Repeat verbatim, and only, the lines of the data below, beginning at the line that contains "(at 233.045 97.155)" and stopping after the line that contains "(gr_line (start 140.97".
====== Record set
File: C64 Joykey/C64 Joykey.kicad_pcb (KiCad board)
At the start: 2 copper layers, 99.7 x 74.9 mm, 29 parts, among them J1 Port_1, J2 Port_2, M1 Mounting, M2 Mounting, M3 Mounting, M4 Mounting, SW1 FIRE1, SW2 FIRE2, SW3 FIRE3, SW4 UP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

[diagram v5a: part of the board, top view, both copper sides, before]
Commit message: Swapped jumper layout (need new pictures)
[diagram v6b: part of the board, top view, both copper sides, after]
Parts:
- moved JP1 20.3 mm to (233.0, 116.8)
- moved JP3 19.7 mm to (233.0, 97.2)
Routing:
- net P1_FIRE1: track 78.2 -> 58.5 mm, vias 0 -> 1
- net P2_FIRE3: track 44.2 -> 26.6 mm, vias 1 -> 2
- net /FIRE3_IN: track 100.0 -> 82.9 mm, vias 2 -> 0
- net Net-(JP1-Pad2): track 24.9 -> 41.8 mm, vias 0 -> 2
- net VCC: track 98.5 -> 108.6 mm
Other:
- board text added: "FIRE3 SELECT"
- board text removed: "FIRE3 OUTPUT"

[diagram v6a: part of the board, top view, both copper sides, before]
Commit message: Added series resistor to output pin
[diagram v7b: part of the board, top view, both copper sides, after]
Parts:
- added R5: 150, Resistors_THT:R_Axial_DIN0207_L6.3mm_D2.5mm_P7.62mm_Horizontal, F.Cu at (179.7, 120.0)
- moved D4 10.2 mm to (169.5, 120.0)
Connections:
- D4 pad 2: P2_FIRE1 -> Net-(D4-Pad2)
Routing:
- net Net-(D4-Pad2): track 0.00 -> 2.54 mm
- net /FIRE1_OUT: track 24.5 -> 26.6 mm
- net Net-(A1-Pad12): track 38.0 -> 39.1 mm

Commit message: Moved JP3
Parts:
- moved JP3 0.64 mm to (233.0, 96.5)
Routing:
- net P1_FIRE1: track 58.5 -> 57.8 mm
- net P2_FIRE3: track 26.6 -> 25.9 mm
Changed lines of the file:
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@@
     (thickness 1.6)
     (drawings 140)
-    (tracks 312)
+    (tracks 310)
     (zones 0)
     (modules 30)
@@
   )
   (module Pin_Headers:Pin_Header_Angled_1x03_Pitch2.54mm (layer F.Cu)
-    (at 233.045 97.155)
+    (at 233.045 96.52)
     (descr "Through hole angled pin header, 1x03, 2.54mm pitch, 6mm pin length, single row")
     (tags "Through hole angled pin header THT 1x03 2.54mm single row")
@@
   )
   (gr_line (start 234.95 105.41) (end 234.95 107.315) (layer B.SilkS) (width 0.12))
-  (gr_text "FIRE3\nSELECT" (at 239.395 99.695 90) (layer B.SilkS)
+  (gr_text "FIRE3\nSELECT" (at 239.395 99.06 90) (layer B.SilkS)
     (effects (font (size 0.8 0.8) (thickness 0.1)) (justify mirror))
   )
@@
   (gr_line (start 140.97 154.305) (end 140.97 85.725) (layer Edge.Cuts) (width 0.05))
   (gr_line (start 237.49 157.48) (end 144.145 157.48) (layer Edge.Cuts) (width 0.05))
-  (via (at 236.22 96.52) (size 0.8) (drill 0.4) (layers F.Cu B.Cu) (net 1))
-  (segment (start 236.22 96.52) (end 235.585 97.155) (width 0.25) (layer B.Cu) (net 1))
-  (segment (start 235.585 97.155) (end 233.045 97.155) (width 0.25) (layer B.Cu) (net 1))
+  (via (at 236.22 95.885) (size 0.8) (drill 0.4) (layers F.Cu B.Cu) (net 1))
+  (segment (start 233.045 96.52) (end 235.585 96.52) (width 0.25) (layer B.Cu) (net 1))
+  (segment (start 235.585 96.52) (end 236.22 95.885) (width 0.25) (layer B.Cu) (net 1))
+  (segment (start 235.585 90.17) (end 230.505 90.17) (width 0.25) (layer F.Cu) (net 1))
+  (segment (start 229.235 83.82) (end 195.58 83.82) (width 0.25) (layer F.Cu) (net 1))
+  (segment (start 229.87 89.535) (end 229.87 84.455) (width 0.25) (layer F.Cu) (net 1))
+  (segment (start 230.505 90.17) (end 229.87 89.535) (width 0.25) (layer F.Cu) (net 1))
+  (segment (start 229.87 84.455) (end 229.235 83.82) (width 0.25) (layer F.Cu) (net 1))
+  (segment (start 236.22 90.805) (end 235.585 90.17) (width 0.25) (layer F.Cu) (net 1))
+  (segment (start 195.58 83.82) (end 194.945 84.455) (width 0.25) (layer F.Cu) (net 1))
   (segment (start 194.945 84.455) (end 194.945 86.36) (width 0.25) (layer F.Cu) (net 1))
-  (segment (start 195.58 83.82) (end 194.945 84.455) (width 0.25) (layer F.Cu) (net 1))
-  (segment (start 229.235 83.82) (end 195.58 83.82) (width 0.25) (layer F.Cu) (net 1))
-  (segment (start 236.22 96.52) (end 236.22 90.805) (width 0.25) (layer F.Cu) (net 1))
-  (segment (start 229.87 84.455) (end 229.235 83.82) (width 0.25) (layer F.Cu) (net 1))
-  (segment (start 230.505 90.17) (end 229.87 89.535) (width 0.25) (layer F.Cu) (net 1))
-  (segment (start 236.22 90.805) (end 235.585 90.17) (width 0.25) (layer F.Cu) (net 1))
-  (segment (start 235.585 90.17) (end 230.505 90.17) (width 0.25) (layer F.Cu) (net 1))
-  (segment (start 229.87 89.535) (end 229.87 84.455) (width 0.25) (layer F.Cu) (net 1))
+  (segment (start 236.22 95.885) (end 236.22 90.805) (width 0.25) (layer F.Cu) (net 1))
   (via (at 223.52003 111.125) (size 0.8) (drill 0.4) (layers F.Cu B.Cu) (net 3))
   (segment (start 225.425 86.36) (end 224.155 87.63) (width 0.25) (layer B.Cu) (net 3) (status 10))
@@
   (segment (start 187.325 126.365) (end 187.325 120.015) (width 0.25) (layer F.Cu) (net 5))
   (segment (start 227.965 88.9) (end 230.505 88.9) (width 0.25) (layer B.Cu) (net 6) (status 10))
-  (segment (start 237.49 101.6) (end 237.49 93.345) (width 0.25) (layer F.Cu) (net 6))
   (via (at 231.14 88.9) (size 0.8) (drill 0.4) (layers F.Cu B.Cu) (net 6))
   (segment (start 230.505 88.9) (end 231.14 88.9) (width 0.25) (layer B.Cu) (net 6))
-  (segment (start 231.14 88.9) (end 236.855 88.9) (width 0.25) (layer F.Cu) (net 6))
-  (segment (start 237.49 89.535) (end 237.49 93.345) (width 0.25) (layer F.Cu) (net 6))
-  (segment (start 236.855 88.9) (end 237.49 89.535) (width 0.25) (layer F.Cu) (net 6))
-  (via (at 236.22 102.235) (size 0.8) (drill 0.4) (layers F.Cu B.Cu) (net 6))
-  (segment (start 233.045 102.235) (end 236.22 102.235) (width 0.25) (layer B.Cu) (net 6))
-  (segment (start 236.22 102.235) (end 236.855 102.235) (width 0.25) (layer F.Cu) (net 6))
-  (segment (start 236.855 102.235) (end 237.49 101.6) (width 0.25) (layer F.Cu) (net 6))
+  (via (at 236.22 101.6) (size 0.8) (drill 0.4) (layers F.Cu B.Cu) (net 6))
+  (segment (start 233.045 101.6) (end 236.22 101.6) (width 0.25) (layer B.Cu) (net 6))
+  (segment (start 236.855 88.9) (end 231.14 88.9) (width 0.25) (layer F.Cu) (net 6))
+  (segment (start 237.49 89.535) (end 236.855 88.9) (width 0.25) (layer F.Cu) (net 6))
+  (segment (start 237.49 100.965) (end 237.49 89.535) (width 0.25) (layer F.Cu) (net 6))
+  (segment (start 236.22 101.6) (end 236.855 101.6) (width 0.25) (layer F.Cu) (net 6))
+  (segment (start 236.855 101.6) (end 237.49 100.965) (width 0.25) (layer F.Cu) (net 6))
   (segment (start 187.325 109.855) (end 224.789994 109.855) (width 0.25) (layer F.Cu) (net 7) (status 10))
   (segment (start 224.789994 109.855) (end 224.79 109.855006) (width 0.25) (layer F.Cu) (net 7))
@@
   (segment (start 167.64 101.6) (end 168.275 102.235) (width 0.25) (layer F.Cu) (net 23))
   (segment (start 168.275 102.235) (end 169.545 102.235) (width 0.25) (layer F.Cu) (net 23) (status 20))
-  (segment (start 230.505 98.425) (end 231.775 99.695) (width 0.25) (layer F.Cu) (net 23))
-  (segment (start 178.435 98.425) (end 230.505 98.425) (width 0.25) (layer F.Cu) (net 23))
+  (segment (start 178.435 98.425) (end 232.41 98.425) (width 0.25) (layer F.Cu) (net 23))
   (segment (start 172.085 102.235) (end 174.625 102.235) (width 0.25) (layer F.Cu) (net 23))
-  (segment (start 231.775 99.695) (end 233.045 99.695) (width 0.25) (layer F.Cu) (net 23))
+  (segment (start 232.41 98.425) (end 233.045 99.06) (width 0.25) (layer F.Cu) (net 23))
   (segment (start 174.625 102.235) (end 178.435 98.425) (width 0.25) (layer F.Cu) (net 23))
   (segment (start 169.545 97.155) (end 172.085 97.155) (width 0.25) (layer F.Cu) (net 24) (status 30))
============
Exercise response
-    (at 233.045 97.155)
+    (at 233.045 96.52)
     (descr "Through hole angled pin header, 1x03, 2.54mm pitch, 6mm pin length, single row")
     (tags "Through hole angled pin header THT 1x03 2.54mm single row")
@@
   )
   (gr_line (start 234.95 105.41) (end 234.95 107.315) (layer B.SilkS) (width 0.12))
-  (gr_text "FIRE3\nSELECT" (at 239.395 99.695 90) (layer B.SilkS)
+  (gr_text "FIRE3\nSELECT" (at 239.395 99.06 90) (layer B.SilkS)
     (effects (font (size 0.8 0.8) (thickness 0.1)) (justify mirror))
   )
@@
   (gr_line (start 140.97 154.305) (end 140.97 85.725) (layer Edge.Cuts) (width 0.05))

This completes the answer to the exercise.